И это движение льда — с востока на запад, к Гренландии — рождает одну из самых интересных гипотез о судьбе «Св. Анны». Можно представить себе, как льды выносят дрейфующее судно в Атлантику. А там уже вовсю бушует война.
Судно Брусилова идёт под русским флагом, как раз там, где рыскают немецкие подводные лодки. Офицер-подводник ловит в перископ очертания шхуны, флаг, командует ко всплытию… Матросы ловят уже потрёпанный корабль в прицел палубной пушки…
А потом подводная лодка могла быть раздавлена английскими глубинными бомбами, могла дать течь, мало ли что могло случиться потом, и последняя запись об экспедиции Брусилова, занесенная в корабельный журнал подлодки по-немецки: «Потоплено неизвестное судно», осталась на дне Атлантики.
Капитаны плодятся и множатся, уже сотни кораблей ломают лёд.

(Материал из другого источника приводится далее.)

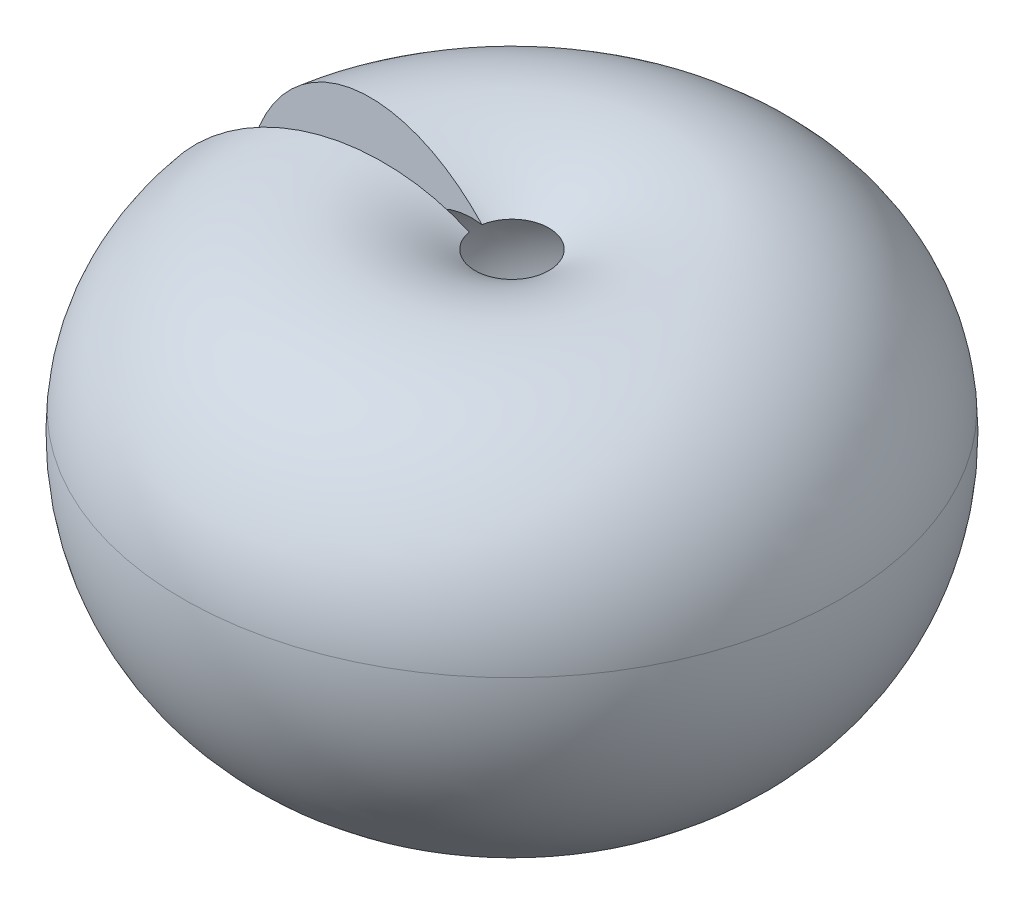
SolidWorks part; units mm, degrees
ref_plane "Front Plane" through (0, 0, 0) normal (0, 0, 1) x (1, 0, 0)
ref_plane "Top Plane" through (0, 0, 0) normal (0, 1, 0) x (1, 0, 0)
ref_plane "Right Plane" through (0, 0, 0) normal (1, 0, 0) x (0, 0, -1)
sketch "Sketch1" plane through (0, 0, 0) normal (0, 0, 1) x (1, 0, 0)
  line L2 (0, 0) -> (0, -2344.0585) construction
  line L4 (0, -1511.6455) -> (0, -1961.8567)
  arc A6 (184.4131, 96.9435) -> (1641.3807, -595.0477) centre (713.8156, -668.2121) cw
  arc A7 (1641.3807, -595.0477) -> (183.5792, -1990.5035) centre (342.6517, -697.4887) cw
  arc A8 (-680.671, -1742.1928) -> (183.5792, -1990.5035) centre (533.8794, 856.8984) ccw
  arc A9 (-1186.6568, -1197.8502) -> (-680.671, -1742.1928) centre (-261.5317, -845.2507) ccw
  arc A10 (-1186.6568, -1197.8502) -> (500.802, -900.7887) centre (-410.7234, -664.2039) ccw
  arc A11 (500.802, -900.7887) -> (184.4131, 96.9435) centre (150, -463) ccw
  point P14 (208, -1792)
  point P15 (-596, -1561)
  point P22 (108.993, 38.838)
revolve "Revolve4" add sketch "Sketch1" angle 170 about L2
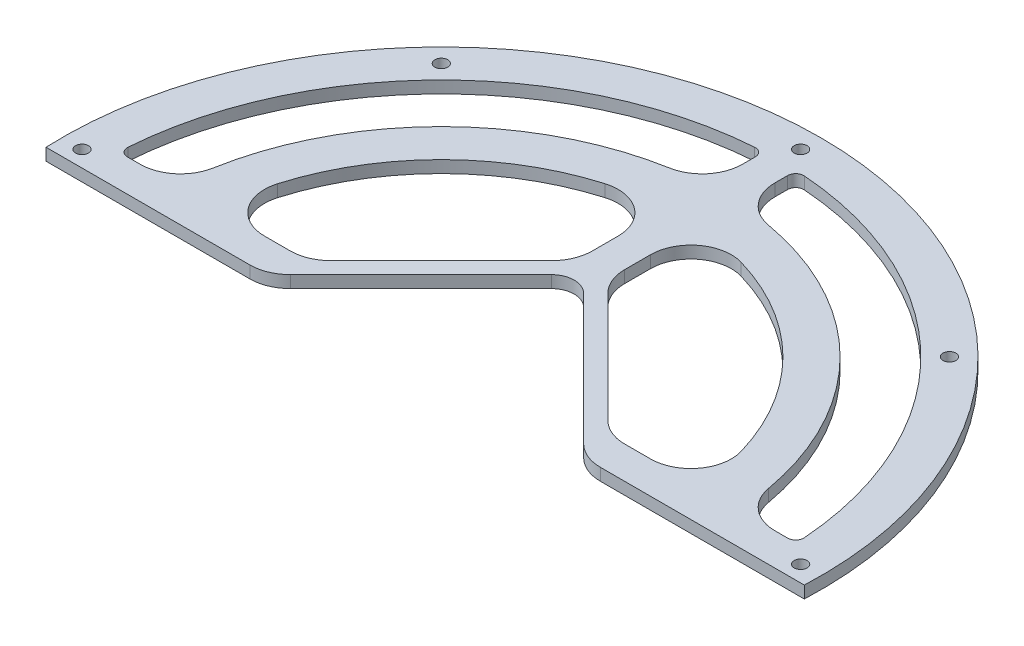
SolidWorks part; units mm, degrees
ref_plane "前视基准面" through (0, 0, 0) normal (0, 0, 1) x (1, 0, 0)
ref_plane "上视基准面" through (0, 0, 0) normal (0, 1, 0) x (1, 0, 0)
ref_plane "右视基准面" through (0, 0, 0) normal (1, 0, 0) x (0, 0, -1)
other "Configuration Table"
sketch "草图1" plane through (0, 0, 0) normal (0, 1, 0) x (1, 0, 0)
  line L9 (-31.221, 4) -> (-36.292, -1.0711)
  line L12 (31.221, 4) -> (36.292, -1.0711)
  line L15 (46.95, 4) -> (46.95, -4) construction
  line L16 (46.95, 4) -> (47.7604, 4)
  line L17 (46.95, -4) -> (83.8046, -4)
  line L18 (46.95, 4) -> (41.3631, 4)
  line L19 (46.95, -4) -> (43.3631, -4)
  line L20 (-46.95, -4) -> (-43.3631, -4)
  line L21 (-46.95, 4) -> (-41.3631, 4)
  line L22 (-46.95, 4) -> (-47.7604, 4)
  line L23 (-46.95, -4) -> (-83.8046, -4)
  line L24 (-78.5319, 4) -> (-81.6799, 4)
  line L25 (83.8046, -4) -> (93.8148, -4)
  line L26 (-4, 78.5319) -> (-4, 81.6799)
  line L27 (-83.8046, -4) -> (-93.8148, -4)
  line L28 (-4, 46.95) -> (-4, 41.3631)
  line L29 (4, 46.95) -> (4, 41.3631)
  line L30 (-4, 46.95) -> (-4, 47.7604)
  line L31 (4, 46.95) -> (4, 47.7604)
  line L32 (4, 78.5319) -> (4, 81.6799)
  line L33 (-31.221, 4) -> (-4, 31.221)
  line L34 (78.5319, 4) -> (81.6799, 4)
  line L35 (4, 83.8046) -> (4, 88.81) [skipped]
  line L36 (31.221, 4) -> (4, 31.221)
  line L38 (-34.292, 6.9289) -> (-6.9289, 34.292)
  line L40 (34.292, 6.9289) -> (6.9289, 34.292)
  line L48 (35.221, 0) -> (93.9, 0) construction
  arc A2 (64.6464, -4) -> (-64.6464, -4) centre (0, 0) ccw construction
  arc A3 (88.81, -4) -> (-88.81, -4) centre (0, 0) ccw construction
  arc A7 (93.8148, -4) -> (-93.8148, -4) centre (0, 0) ccw
  arc A21 (57.3566, 16.8129) -> (16.8129, 57.3566) centre (0, 0) ccw
  arc A22 (68.6871, 12.245) -> (12.245, 68.6871) centre (0, 0) ccw
  arc A23 (83.6745, 6.1465) -> (6.1465, 83.6745) centre (0, 0) ccw
  arc A24 (-6.1465, 83.6745) -> (-83.6745, 6.1465) centre (0, 0) ccw
  arc A25 (-12.245, 68.6871) -> (-68.6871, 12.245) centre (0, 0) ccw
  arc A26 (-16.8129, 57.3566) -> (-57.3566, 16.8129) centre (0, 0) ccw
  circle A28 centre (88.9, 0) radius 1.6
  circle A32 centre (-88.9, 0) radius 1.6
  circle A33 centre (-62.8618, 62.8618) radius 1.6
  circle A34 centre (0, 88.9) radius 1.6
  circle A35 centre (62.8618, 62.8618) radius 1.6
  arc A50 (34.292, 6.9289) -> (41.3631, 4) centre (41.3631, 14) ccw
  arc A51 (36.292, -1.0711) -> (43.3631, -4) centre (43.3631, 6) ccw
  arc A52 (-36.292, -1.0711) -> (-43.3631, -4) centre (-43.3631, 6) cw
  arc A53 (-34.292, 6.9289) -> (-41.3631, 4) centre (-41.3631, 14) cw
  arc A54 (-4, 31.221) -> (4, 31.221) centre (0, 27.221) cw
  arc A55 (6.9289, 34.292) -> (4, 41.3631) centre (14, 41.3631) cw
  arc A56 (-4, 41.3631) -> (-6.9289, 34.292) centre (-14, 41.3631) cw
  arc A57 (-4, 78.5319) -> (-12.245, 68.6871) centre (-14, 78.5319) cw
  arc A58 (-68.6871, 12.245) -> (-78.5319, 4) centre (-78.5319, 14) cw
  arc A59 (12.245, 68.6871) -> (4, 78.5319) centre (14, 78.5319) cw
  arc A60 (78.5319, 4) -> (68.6871, 12.245) centre (78.5319, 14) cw
  arc A61 (-4, 81.6799) -> (-6.1465, 83.6745) centre (-6, 81.6799) ccw
  arc A62 (-83.6745, 6.1465) -> (-81.6799, 4) centre (-81.6799, 6) ccw
  arc A63 (6.1465, 83.6745) -> (4, 81.6799) centre (6, 81.6799) ccw
  arc A64 (83.6745, 6.1465) -> (81.6799, 4) centre (81.6799, 6) cw
  arc A65 (16.8129, 57.3566) -> (4, 47.7604) centre (14, 47.7604) ccw
  arc A66 (-4, 47.7604) -> (-16.8129, 57.3566) centre (-14, 47.7604) ccw
  arc A67 (57.3566, 16.8129) -> (47.7604, 4) centre (47.7604, 14) cw
  arc A68 (-47.7604, 4) -> (-57.3566, 16.8129) centre (-47.7604, 14) cw
  point P16 (0, 8)
  point P20 (37.221, 4)
  point P29 (-37.221, 4)
  point P31 (0, -8)
  point P38 (-8, 0)
  point P41 (-4, 69.6552)
  point P44 (46.95, 0)
  point P45 (-69.6552, 4)
  point P47 (46.95, 4)
  point P50 (46.95, -4)
  point P56 (4, 69.6552)
  point P68 (69.6552, 4)
  dimension "D2" = 10
  dimension "D3" = 6
  dimension "D4" = 6
  dimension "D5" = 3.2
  dimension "D6" = 10
  dimension "D7" = 10
  dimension "D8" = 10
  dimension "D9" = 2
  dimension "D12" = 2
  dimension "D13" = 2
  dimension "D14" = 10
  dimension "D10" = 2
  dimension "D11" = 2
extrude "凸台-拉伸1" add sketch "草图1" along normal blind 3

От тех, прежних, остались только обломок дерева, вещь, чехол от ножа.
И тысячи книг.
Но тут Еськова попросили всё-таки сходить за хлебом к соседям. Понятно, что никакого хлеба пирующим не надо было. Хлеб у них был — вот он, на столе, но ему, Еськову, чтобы показать, что всё-таки любят его, сперва рассказали историю о капитанах, даже сказку о Брусилове, потопленном германцами, а потом всё же за хлебушком послали.
Просто Еськов не должен был слышать того разговора, что сейчас произойдёт.
И он ничуть не обиделся, а вышел, аккуратно притворив дверь.
Ни к кому за хлебом он не пошёл, а двинулся по коридору вправо. Постучал в дверь к своему товарищу Капкову. Капков тосковал. Что-то у него было неладное, то ли дурное письмо из дома, то ли заело его одиночество, поэтому у него можно было провести время, а заодно и ободрить.
Еськов стукнул в продавленную дверь — и раз, и другой, и третий, и только через несколько минут она открылась.
Он успел увидеть в щель только неестественно белую, как ему показалось, женскую ногу. Нога лежала на капковской кровати и, казалось, существовала без туловища — такая она была полная, красивая и неестественная здесь.
В дверной щели торчал нос Капкова.
И Капков сурово сказал, не спрашивая даже, «чего надо»:
Еськов понял, что проблема его товарищества с одиночеством, кажется, решена. Он вздохнул и пошёл дальше искать гостеприимных жильцов.